[Dataset items]
..........
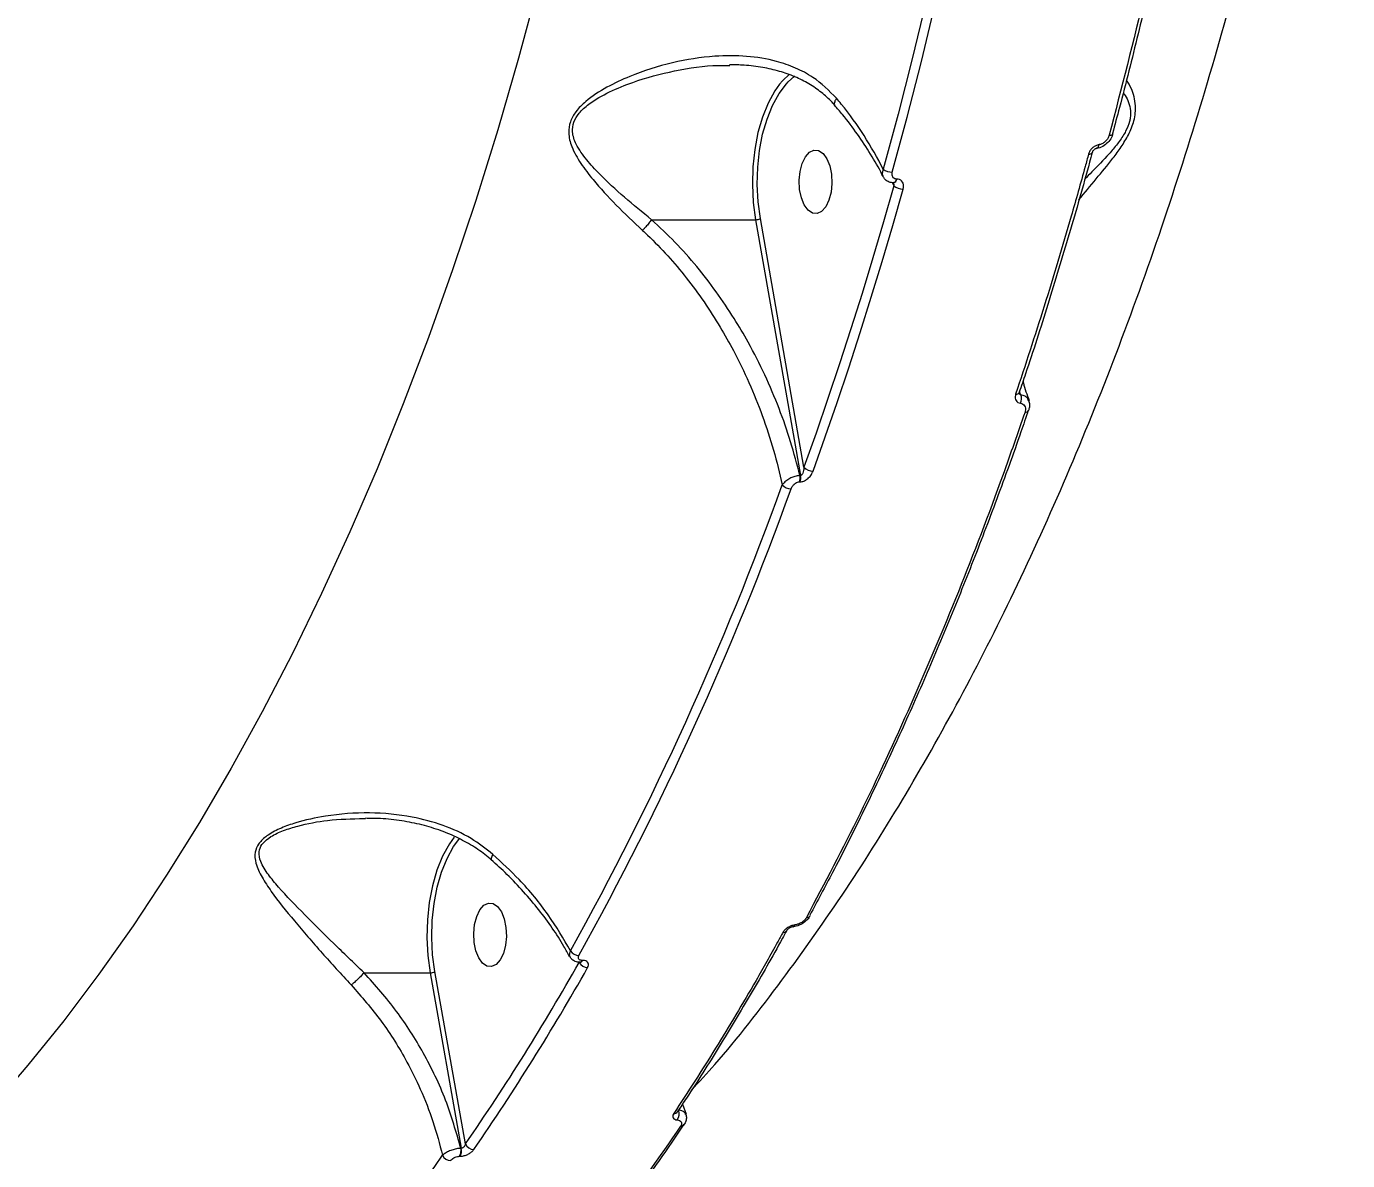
# Model space of a CAD drawing. Header units: millimetres. Extents: x -5517 to 6387, y -5295 to 6147.
# Drawn here: x 2621.5 to 2808.2, y 1159 to 1319.3 of the extents above; entities that cross this region are included whole.
import ezdxf

# ---------------------------------------------------------------- set-up
doc = ezdxf.new("R2010")
doc.units = ezdxf.units.MM
for name, color, linetype in [('DIKOM_ОБЪЕКТ', 7, 'Continuous'), ('DIKOM_РАЗМЕР_ЗОНА', 7, 'Continuous'), ('DIKOM_РАЗМЕР_ОБЪЕКТА', 7, 'Continuous')]:
    doc.layers.add(name, color=color, linetype=linetype)
doc.styles.add('style1', font='arial.ttf', dxfattribs={"width": 0.8})
doc.dimstyles.new('1-50', dxfattribs={"dimtxt": 300, "dimasz": 200, "dimexe": 100, "dimexo": 0, "dimgap": 100, "dimtad": 1, "dimtxsty": 'style1', "dimcen": 200, "dimclrd": 7, "dimclre": 7, "dimclrt": 7, "dimadec": 1, "dimazin": 2, "dimtfac": 1, "dimtmove": 0, "dimatfit": 2, "dimfxl": 0, "dimlwd": 25, "dimlwe": 18, "dimarcsym": 0})

# ---------------------------------------------------------------- blocks, each defined once
blk = doc.blocks.new('*D0')
at = {"layer": 'Defpoints', "color": 0, "transparency": 16777216}
for p in [(3079.07, 4135.26), (-4405.35, -2652.69), (-1397.56, -2652.69)]:
    blk.add_point(p, dxfattribs=at)
at = {"layer": 'DIKOM_РАЗМЕР_ОБЪЕКТА', "color": 7, "lineweight": 18, "transparency": 16777216}
for p, q in [((3079.07, 4135.26), (-4505.35, 4135.26)), ((-1397.56, -2652.69), (-4505.35, -2652.69))]:
    blk.add_line(p, q, dxfattribs=at)
at = {"layer": 'DIKOM_РАЗМЕР_ОБЪЕКТА', "color": 7, "lineweight": 25, "transparency": 16777216}
blk.add_line((-4405.35, 3935.26), (-4405.35, -2452.69), dxfattribs=at)
at = {"layer": 'DIKOM_РАЗМЕР_ОБЪЕКТА', "color": 7, "transparency": 16777216}
for points in [[(-4438.68, 3935.26), (-4372.02, 3935.26), (-4405.35, 4135.26)], [(-4438.68, -2452.69), (-4372.02, -2452.69), (-4405.35, -2652.69)]]:
    blk.add_solid(points, dxfattribs=at)
at = {"layer": 'DIKOM_РАЗМЕР_ОБЪЕКТА', "color": 7, "transparency": 16777216, "insert": (-4658.52, 741.29), "char_height": 300, "attachment_point": 5, "rotation": 90, "style": 'style1'}
blk.add_mtext('6800', dxfattribs=at)
blk = doc.blocks.new('*D1')
at = {"layer": 'Defpoints', "color": 0, "transparency": 16777216}
for p in [(2817.72, 6146.72), (-5067.27, -4152.08), (-1897.56, -4152.08)]:
    blk.add_point(p, dxfattribs=at)
at = {"layer": 'DIKOM_РАЗМЕР_ЗОНА', "color": 7, "lineweight": 18, "transparency": 16777216}
for p, q in [((2817.72, 6146.72), (-5167.27, 6146.72)), ((-1897.56, -4152.08), (-5167.27, -4152.08))]:
    blk.add_line(p, q, dxfattribs=at)
at = {"layer": 'DIKOM_РАЗМЕР_ЗОНА', "color": 7, "lineweight": 25, "transparency": 16777216}
blk.add_line((-5067.27, 5946.72), (-5067.27, -3952.08), dxfattribs=at)
at = {"layer": 'DIKOM_РАЗМЕР_ЗОНА', "color": 7, "transparency": 16777216}
for points in [[(-5100.61, 5946.72), (-5033.94, 5946.72), (-5067.27, 6146.72)], [(-5100.61, -3952.08), (-5033.94, -3952.08), (-5067.27, -4152.08)]]:
    blk.add_solid(points, dxfattribs=at)
at = {"layer": 'DIKOM_РАЗМЕР_ЗОНА', "color": 7, "transparency": 16777216, "insert": (-5320.45, 939.42), "char_height": 300, "attachment_point": 5, "rotation": 90, "style": 'style1'}
blk.add_mtext('10200', dxfattribs=at)
blk = doc.blocks.new('*D2')
at = {"layer": 'Defpoints', "color": 0, "transparency": 16777216}
for p in [(4491.49, 3838.97), (-2445.56, 374.31), (4491.49, -4687.8)]:
    blk.add_point(p, dxfattribs=at)
at = {"layer": 'DIKOM_РАЗМЕР_ОБЪЕКТА', "color": 7, "lineweight": 18, "transparency": 16777216}
for p, q in [((4491.49, 3838.97), (4491.49, -4787.8)), ((-2445.56, 374.31), (-2445.56, -4787.8))]:
    blk.add_line(p, q, dxfattribs=at)
at = {"layer": 'DIKOM_РАЗМЕР_ОБЪЕКТА', "color": 7, "lineweight": 25, "transparency": 16777216}
blk.add_line((-2245.56, -4687.8), (4291.49, -4687.8), dxfattribs=at)
at = {"layer": 'DIKOM_РАЗМЕР_ОБЪЕКТА', "color": 7, "transparency": 16777216}
for points in [[(-2245.56, -4654.47), (-2245.56, -4721.14), (-2445.56, -4687.8)], [(4291.49, -4654.47), (4291.49, -4721.14), (4491.49, -4687.8)]]:
    blk.add_solid(points, dxfattribs=at)
at = {"layer": 'DIKOM_РАЗМЕР_ОБЪЕКТА', "color": 7, "transparency": 16777216, "insert": (1022.97, -4434.63), "char_height": 300, "attachment_point": 5, "style": 'style1'}
blk.add_mtext('6900', dxfattribs=at)
blk = doc.blocks.new('*D3')
at = {"layer": 'Defpoints', "color": 0, "transparency": 16777216}
for p in [(6386.85, 4728.17), (-4131.44, -152.69), (6386.85, -5195.35)]:
    blk.add_point(p, dxfattribs=at)
at = {"layer": 'DIKOM_РАЗМЕР_ЗОНА', "color": 7, "lineweight": 18, "transparency": 16777216}
for p, q in [((6386.85, 4728.17), (6386.85, -5295.35)), ((-4131.44, -152.69), (-4131.44, -5295.35))]:
    blk.add_line(p, q, dxfattribs=at)
at = {"layer": 'DIKOM_РАЗМЕР_ЗОНА', "color": 7, "lineweight": 25, "transparency": 16777216}
blk.add_line((-3931.44, -5195.35), (6186.85, -5195.35), dxfattribs=at)
at = {"layer": 'DIKOM_РАЗМЕР_ЗОНА', "color": 7, "transparency": 16777216}
for points in [[(-3931.44, -5162.02), (-3931.44, -5228.69), (-4131.44, -5195.35)], [(6186.85, -5162.02), (6186.85, -5228.69), (6386.85, -5195.35)]]:
    blk.add_solid(points, dxfattribs=at)
at = {"layer": 'DIKOM_РАЗМЕР_ЗОНА', "color": 7, "transparency": 16777216, "insert": (1127.71, -4942.18), "char_height": 300, "attachment_point": 5, "style": 'style1'}
blk.add_mtext('10500', dxfattribs=at)

msp = doc.modelspace()

# ---------------------------------------------------------------- linework, layer by layer
at = {"layer": 'DIKOM_ОБЪЕКТ', "color": 7, "linetype": 'Continuous', "lineweight": 15}
for p, q in [((2775.034, 1304.083), (2775.039, 1304.118)), ((2744.517, 1297.706), (2744.489, 1297.706)), ((2743.913, 1297.187), (2744.097, 1296.768)), ((2744.064, 1297.181), (2744.036, 1297.181)), ((2709.858, 1291.959), (2724.567, 1291.959)), ((2724.567, 1291.959), (2730.909, 1255.804)), ((2731.4, 1256.999), (2725.239, 1292.121)), ((2730.753, 1254.904), (2730.842, 1254.904)), ((2730.909, 1255.804), (2730.82, 1255.804)), ((2669.221, 1207.334), (2669.432, 1207.345)), ((2732.267, 1193.599), (2732.289, 1193.649)), ((2729.863, 1192.03), (2729.854, 1192.029)), ((2700.123, 1187.282), (2700.076, 1187.282)), ((2669.244, 1185.541), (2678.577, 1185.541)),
..........
Look above for the line holding "# Drawn here: x". Print it and every line after it, exactly, through the line holding "(-4405.35, -2452.69), dxfattribs=at)".

# Drawn here: x 2621.5 to 2808.2, y 1159 to 1319.3 of the extents above; entities that cross this region are included whole.
import ezdxf

# ---------------------------------------------------------------- set-up
doc = ezdxf.new("R2010")
doc.units = ezdxf.units.MM
for name, color, linetype in [('DIKOM_ОБЪЕКТ', 7, 'Continuous'), ('DIKOM_РАЗМЕР_ЗОНА', 7, 'Continuous'), ('DIKOM_РАЗМЕР_ОБЪЕКТА', 7, 'Continuous')]:
    doc.layers.add(name, color=color, linetype=linetype)
doc.styles.add('style1', font='arial.ttf', dxfattribs={"width": 0.8})
doc.dimstyles.new('1-50', dxfattribs={"dimtxt": 300, "dimasz": 200, "dimexe": 100, "dimexo": 0, "dimgap": 100, "dimtad": 1, "dimtxsty": 'style1', "dimcen": 200, "dimclrd": 7, "dimclre": 7, "dimclrt": 7, "dimadec": 1, "dimazin": 2, "dimtfac": 1, "dimtmove": 0, "dimatfit": 2, "dimfxl": 0, "dimlwd": 25, "dimlwe": 18, "dimarcsym": 0})

# ---------------------------------------------------------------- blocks, each defined once
blk = doc.blocks.new('*D0')
at = {"layer": 'Defpoints', "color": 0, "transparency": 16777216}
for p in [(3079.07, 4135.26), (-4405.35, -2652.69), (-1397.56, -2652.69)]:
    blk.add_point(p, dxfattribs=at)
at = {"layer": 'DIKOM_РАЗМЕР_ОБЪЕКТА', "color": 7, "lineweight": 18, "transparency": 16777216}
for p, q in [((3079.07, 4135.26), (-4505.35, 4135.26)), ((-1397.56, -2652.69), (-4505.35, -2652.69))]:
    blk.add_line(p, q, dxfattribs=at)
at = {"layer": 'DIKOM_РАЗМЕР_ОБЪЕКТА', "color": 7, "lineweight": 25, "transparency": 16777216}
blk.add_line((-4405.35, 3935.26), (-4405.35, -2452.69), dxfattribs=at)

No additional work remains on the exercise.